Use it with discipline. Pin environment versions, grant only necessary privileges, and test both successful workflows and failure modes. Keep official benchmarks separate from personal results. Used carefully, Hermes can support sophisticated, reliable AI-powered systems.

A. Yes, Hermes Agent is open source under the MIT license. You may only need to pay for LLM inference, cloud tools, browsers, or hosting.

A. Yes, Hermes Agent can run on Windows through WSL2, since it is not available as a native Windows operating system application.

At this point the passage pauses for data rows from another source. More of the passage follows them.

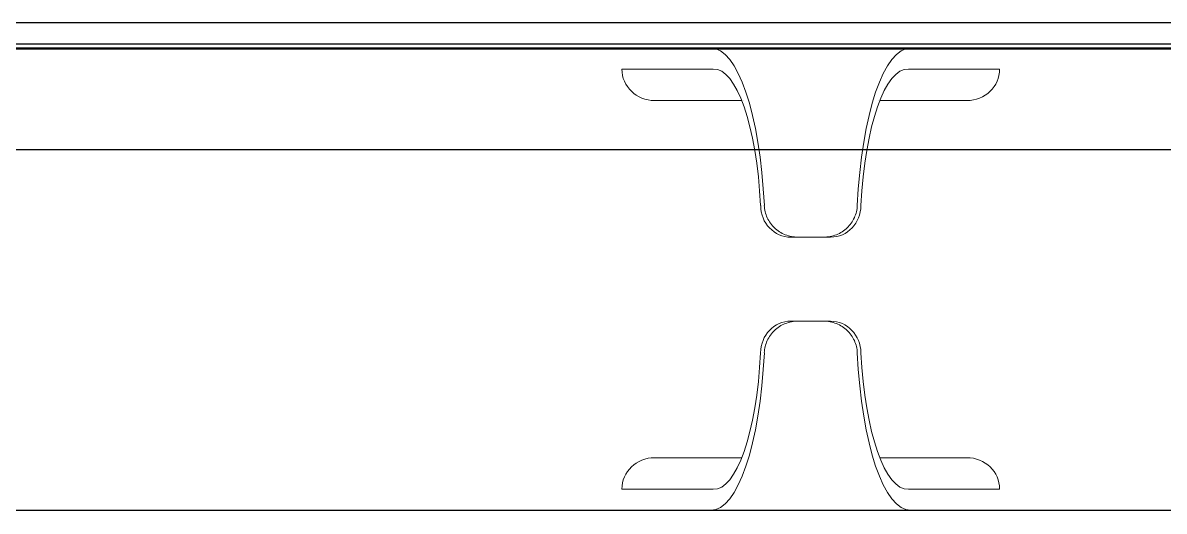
# Model space of a CAD drawing. Header units: millimetres. Extents: x -695119 to 412940, y -249585 to 622758.
# Drawn here: x -580990 to -579478, y 25975 to 26621 of the extents above; entities that cross this region are included whole.
import ezdxf
from ezdxf.enums import TextEntityAlignment as Align

# ---------------------------------------------------------------- set-up
doc = ezdxf.new("R2010")
doc.units = ezdxf.units.MM
doc.layers.add('(АР) Текст', color=7, linetype='Continuous', lineweight=25)
doc.layers.add('_АТ-Имя', color=7, linetype='Continuous')
doc.layers.add('_АТ-Спецификация', color=7, linetype='Continuous')
doc.layers.add('_АТ-Примечания', color=250, linetype='Continuous', plot=False)
doc.layers.add('ЛВС_коммутаторы', color=7, linetype='Continuous', lineweight=25, true_color=0x000000)
doc.styles.add('AT-Шрифт', font='ARIALN.TTF', dxfattribs={"height": 2.5})

# ---------------------------------------------------------------- blocks, each defined once
blk = doc.blocks.new('Органайзер1U')
at = {"lineweight": 9}
for p, q in [((923.7, 419.7, -149.5), (836.7, 419.7, -452.7)), ((1196.4, 419.7, -452.7), (1109.5, 419.7, -149.5)), ((951, 389.7, -162.2), (867.9, 389.7, -432.7)), ((1082.2, 389.7, -162.2), (1165.2, 389.7, -432.7)), ((1035.4, 259.8), (997.7, 259.8)), ((997.7, 259.8), (1004.1, 259.8, 22.4)), ((1029, 259.8, 22.4), (1035.4, 259.8)), ((1035.4, 179.8), (997.7, 179.8)), ((997.7, 179.8), (1004.1, 179.8, 22.4)), ((1029, 179.8, 22.4), (1035.4, 179.8)), ((951, 50, -162.2), (867.9, 50, -432.7)), ((1082.2, 50, -162.2), (1165.2, 50, -432.7)), ((923.7, 20, -149.5), (836.7, 20, -452.7)), ((1196.4, 20, -452.7), (1109.5, 20, -149.5))]:
    blk.add_line(p, q, dxfattribs=at)
at = {"lineweight": 30, "ltscale": 10}
for points in [[(-2403, 439.8), (2403, 439.8)], [(2403, -0.2), (-2403, -0.2)]]:
    blk.add_lwpolyline(points, dxfattribs=at)
at = {"lineweight": 9, "extrusion": (-0.275637, -3.86225e-05, -0.961262)}
blk.add_arc((-289.6, -959.1, -275), 30, 0.0084, 90.0077, dxfattribs=at)
at = {"lineweight": 9, "extrusion": (0.275637, -3.86225e-05, -0.961262)}
blk.add_arc((289.9, 995.3, 285.4), 30, 89.9923, 179.9916, dxfattribs=at)
at = {"lineweight": 9, "extrusion": (-0.275637, 3.86225e-05, -0.961262)}
blk.add_arc((-150, -959, -275), 30, 89.9923, 179.9916, dxfattribs=at)
at = {"lineweight": 9, "extrusion": (0.275637, 3.86225e-05, -0.961262)}
blk.add_arc((149.7, 995.3, 285.4), 30, 0.0084, 90.0077, dxfattribs=at)
at = {"lineweight": 9, "extrusion": (0.961262, -6.12038e-17, -0.275637)}
blk.add_ellipse((921.9, 261.5, -155.7), major_axis=(51.1, 0, 178.1), ratio=0.961262, start_param=-1.580604, end_param=-0.159207, dxfattribs=at)
at = {"lineweight": 9, "extrusion": (0.961262, 6.12038e-17, 0.275637)}
for centre, major_axis, start_param, end_param in [((1111.3, 261.5, -155.7), (-51.1, 0, 178.1), -1.580604, -0.159207), ((1108.7, 262.2, -146.8), (-45.1, 0, 157.4), 4.69506, 6.107426)]:
    blk.add_ellipse(centre, major_axis=major_axis, ratio=0.961262, start_param=start_param, end_param=end_param, dxfattribs=at)
at = {"lineweight": 9, "extrusion": (-9.99013e-30, -1.95922e-16, -1)}
blk.add_ellipse((867.9, 419.7, -432.7), major_axis=(-31.2, 0), ratio=0.961262, start_param=-1.570796, end_param=0, dxfattribs=at)
at = {"lineweight": 9, "extrusion": (-0.961262, 6.12038e-17, 0.275637)}
blk.add_ellipse((924.4, 262.2, -146.8), major_axis=(45.1, 0, 157.4), ratio=0.961262, start_param=0.175759, end_param=1.588125, dxfattribs=at)
at = {"lineweight": 9}
for centre, major_axis in [((1165.2, 419.7, -432.7), (31.2, 0)), ((867.9, 20, -432.7), (-31.2, 0))]:
    blk.add_ellipse(centre, major_axis=major_axis, ratio=0.961262, start_param=-1.570796, end_param=0, dxfattribs=at)
at = {"lineweight": 9, "extrusion": (-0.961262, -6.12038e-17, 0.275637)}
blk.add_ellipse((921.9, 178.1, -155.7), major_axis=(51.1, 0, 178.1), ratio=0.961262, start_param=-1.580604, end_param=-0.159207, dxfattribs=at)
at = {"lineweight": 9, "extrusion": (0.961262, 6.12038e-17, -0.275637)}
blk.add_ellipse((924.4, 177.4, -146.8), major_axis=(45.1, 0, 157.4), ratio=0.961262, start_param=0.175759, end_param=1.588125, dxfattribs=at)
at = {"lineweight": 9, "extrusion": (-0.961262, 6.12038e-17, -0.275637)}
for centre, major_axis, start_param, end_param in [((1111.3, 178.1, -155.7), (-51.1, 0, 178.1), -1.580604, -0.159207), ((1108.7, 177.4, -146.8), (-45.1, 0, 157.4), 4.69506, 6.107426)]:
    blk.add_ellipse(centre, major_axis=major_axis, ratio=0.961262, start_param=start_param, end_param=end_param, dxfattribs=at)
at = {"lineweight": 9, "extrusion": (9.99013e-30, 1.95922e-16, -1)}
blk.add_ellipse((1165.2, 20, -432.7), major_axis=(31.2, 0), ratio=0.961262, start_param=-1.570796, end_param=0, dxfattribs=at)
at = {"lineweight": 9}
for points in [[(952.6, 389.7, -157.5), (952.5, 389.7, -157.5), (952.4, 389.7, -157.5), (952.4, 389.7, -157.5)], [(952.6, 389.7, -157.5), (952.5, 389.7, -157.5), (952.4, 389.7, -157.5), (952.4, 389.7, -157.5)], [(1080.8, 389.7, -157.5), (1080.7, 389.7, -157.5), (1080.6, 389.7, -157.5), (1080.6, 389.7, -157.5)], [(1080.8, 389.7, -157.5), (1080.7, 389.7, -157.5), (1080.6, 389.7, -157.5), (1080.6, 389.7, -157.5)]]:
    blk.add_open_spline(points, degree=3, dxfattribs=at)
for points, knots in [([(1004.1, 259.8, 22.4), (1002.2, 259.8, 22.4), (1000.2, 260, 22.4), (996.2, 260.7, 22.4), (994.2, 261.3, 22.4), (990.3, 262.8, 22.4), (988.5, 263.8, 22.4), (985, 266, 22.3), (983.4, 267.2, 22.3), (980.7, 269.9, 22.2), (979.3, 271.4, 22.1), (977, 274.6, 21.9), (976, 276.4, 21.8), (974.3, 280.1, 21.4), (973.6, 282, 21.2), (972.7, 285.9, 20.7), (972.4, 287.9, 20.4), (972.3, 289.8, 20.1)], [18.612291, 18.612291, 18.612291, 18.612291, 19.195929, 19.195929, 19.779566, 19.779566, 20.363204, 20.363204, 20.946842, 20.946842, 21.522754, 21.522754, 22.098666, 22.098666, 22.674578, 22.674578, 23.250457, 23.250457, 23.250457, 23.250457]), ([(1060.8, 289.8, 20.1), (1060.8, 287.9, 20.4), (1060.5, 285.9, 20.7), (1059.6, 282.1, 21.2), (1058.9, 280.1, 21.4), (1057.2, 276.5, 21.8), (1056.2, 274.7, 21.9), (1053.9, 271.4, 22.1), (1052.6, 270, 22.2), (1049.8, 267.3, 22.3), (1048.2, 266, 22.3), (1044.7, 263.8, 22.4), (1042.9, 262.8, 22.4), (1039, 261.3, 22.4), (1037, 260.7, 22.4), (1033, 260, 22.4), (1031, 259.8, 22.4), (1029, 259.8, 22.4)], [4.570415, 4.570415, 4.570415, 4.570415, 5.143883, 5.143883, 5.717385, 5.717385, 6.290887, 6.290887, 6.864388, 6.864388, 7.450436, 7.450436, 8.036484, 8.036484, 8.622531, 8.622531, 9.208579, 9.208579, 9.208579, 9.208579]), ([(1004.1, 179.8, 22.4), (1002.2, 179.8, 22.4), (1000.2, 179.7, 22.4), (996.2, 178.9, 22.4), (994.2, 178.3, 22.4), (990.3, 176.8, 22.4), (988.5, 175.9, 22.4), (985, 173.7, 22.3), (983.4, 172.4, 22.3), (980.7, 169.7, 22.2), (979.3, 168.3, 22.1), (977, 165, 21.9), (976, 163.2, 21.8), (974.3, 159.5, 21.4), (973.6, 157.6, 21.2), (972.7, 153.7, 20.7), (972.4, 151.8, 20.4), (972.3, 149.9, 20.1)], [18.612291, 18.612291, 18.612291, 18.612291, 19.195929, 19.195929, 19.779566, 19.779566, 20.363204, 20.363204, 20.946842, 20.946842, 21.522754, 21.522754, 22.098666, 22.098666, 22.674578, 22.674578, 23.250457, 23.250457, 23.250457, 23.250457]), ([(1060.8, 149.9, 20.1), (1060.8, 151.8, 20.4), (1060.5, 153.7, 20.7), (1059.6, 157.6, 21.2), (1058.9, 159.5, 21.4), (1057.2, 163.2, 21.8), (1056.2, 164.9, 21.9), (1053.9, 168.2, 22.1), (1052.6, 169.7, 22.2), (1049.8, 172.4, 22.3), (1048.2, 173.6, 22.3), (1044.7, 175.8, 22.4), (1042.9, 176.8, 22.4), (1039, 178.3, 22.4), (1037, 178.9, 22.4), (1033, 179.7, 22.4), (1031, 179.8, 22.4), (1029, 179.8, 22.4)], [4.570415, 4.570415, 4.570415, 4.570415, 5.143883, 5.143883, 5.717385, 5.717385, 6.290887, 6.290887, 6.864388, 6.864388, 7.450436, 7.450436, 8.036484, 8.036484, 8.622531, 8.622531, 9.208579, 9.208579, 9.208579, 9.208579])]:
    blk.add_open_spline(points, degree=3, knots=knots, dxfattribs=at)
blk = doc.blocks.new('dpol-1U')
at = {"ltscale": 100}
blk.add_line((20.94, -36.82), (461.66, -36.82), dxfattribs=at)
blk.add_lwpolyline([(20.94, -46.82), (461.66, -46.82), (461.66, -34.82), (20.94, -34.82)], close=True, dxfattribs=at)
at = {"layer": '_АТ-Имя', "ltscale": 100, "style": 'AT-Шрифт', "flags": 8}
blk.add_attdef('NUMBER', text='', height=20, dxfattribs=at).set_placement((-16, -24.82), align=Align.RIGHT)
at = {"layer": '_АТ-Примечания', "ltscale": 100, "style": 'AT-Шрифт', "flags": 1}
for tag, p in [('DIMENSIONS', (487.6, -37.34)), ('COMMENT1', (487.6, -43.82)), ('COMMENT2', (487.6, -49.34)), ('COMMENT3', (487.6, -54.87))]:
    blk.add_attdef(tag, p, '', height=3, dxfattribs=at)
at = {"layer": '_АТ-Спецификация', "ltscale": 100, "style": 'AT-Шрифт'}
for tag, p, height, flags in [('NUM', (487.6, 4.18), 3, 1), ('NAME', (487.6, -1.82), 3, 1), ('DESCRIPTION', (487.6, -7.82), 3, 1), ('MARK', (571.3, -24.82), 20, 8), ('CODE', (487.6, -13.82), 3, 1), ('MADEBY', (487.6, -19.82), 3, 1), ('POSITION', (487.6, -25.82), 3, 1), ('POSITION2', (487.6, -31.82), 3, 1)]:
    blk.add_attdef(tag, p, '', height=height, dxfattribs=dict(at, flags=flags))

msp = doc.modelspace()

# ---------------------------------------------------------------- block references
at = {"layer": '(АР) Текст', "color": 7, "lineweight": 15, "xscale": 1.392289720480715, "yscale": 1.392289720480715, "zscale": 1.392289720480715}
msp.add_blockref('Органайзер1U', (-581361.368, 25975.794), dxfattribs=at)

# ---------------------------------------------------------------- next in the draw order: block references
at = {"layer": '(АР) Текст', "color": 7, "lineweight": 15, "xscale": 13.96127271805139, "yscale": 13.96127271805139, "zscale": 13.96127271805139}
msp.add_blockref('dpol-1U', (-584709.131, 27107.357), dxfattribs=at)

# ---------------------------------------------------------------- next in the draw order: linework, layer by layer
at = {"layer": 'ЛВС_коммутаторы', "lineweight": 30}
msp.add_lwpolyline([(-578006.326, 26586.521), (-584697.67, 26586.521)], dxfattribs=at)

doc.saveas('drawing.dxf')

A. Hermes offers CLI, API, gateway, memory, scheduling, and security controls, making it broader than coding agents tied to an IDE or CLI.

Facts Only

Hermes Agent is an open-source AI assistant under the MIT license.
It supports tasks such as writing, research, and learning.
It offers features including CLI, API, gateway, memory, scheduling, and security controls.
The article provides a guide on how to use Hermes Agent effectively.

Executive Summary

The provided text is a detailed, technical description of a software or system, likely an agent, framework, or application (referred to as "Large Language Model" and the surrounding operational context). It focuses on its architecture, capabilities (chaining, tools), and the philosophy behind its design and deployment.
**Summary of Content:**
The text describes a system with advanced reasoning and execution capabilities, emphasizing:
1. **Core Functionality:** The system handles complex tasks, including chaining instructions and utilizing tools.
2. **Architecture:** It is designed to be flexible and capable of complex sequential reasoning.
3. **Operational Context:** It discusses the principles of agent design, including the use of tools and iterative processing.
4. **Deployment/Philosophy:** It touches on the implications of deploying such systems, referencing resource management and the ability to handle heavy computational loads.
**Analysis based on Request Context:**
The preceding request asked for an analysis of a provided text using a specific, complex structure (the "ABC" analysis). Since the input provided is a technical explanation rather than a standard article for political or social analysis, the application of the complex framework is more about summarizing and interpreting the *nature* of the technology described.
**Conclusion:**
The text functions as a system specification or an explanation of an advanced AI paradigm, not a narrative or argument requiring socio-political interpretation. Therefore, the analysis focuses on distilling the technical specifications and implications mentioned.

Full Take

The article serves as a comprehensive introduction to Hermes Agent, an open-source AI assistant. It emphasizes its versatility and wide range of features, positioning it as a powerful tool for various tasks. However, it is important for users to be aware of the potential limitations and complexities involved in using such advanced AI systems, and to approach their use with principles of intellectual honesty, skepticism, and cognitive sovereignty.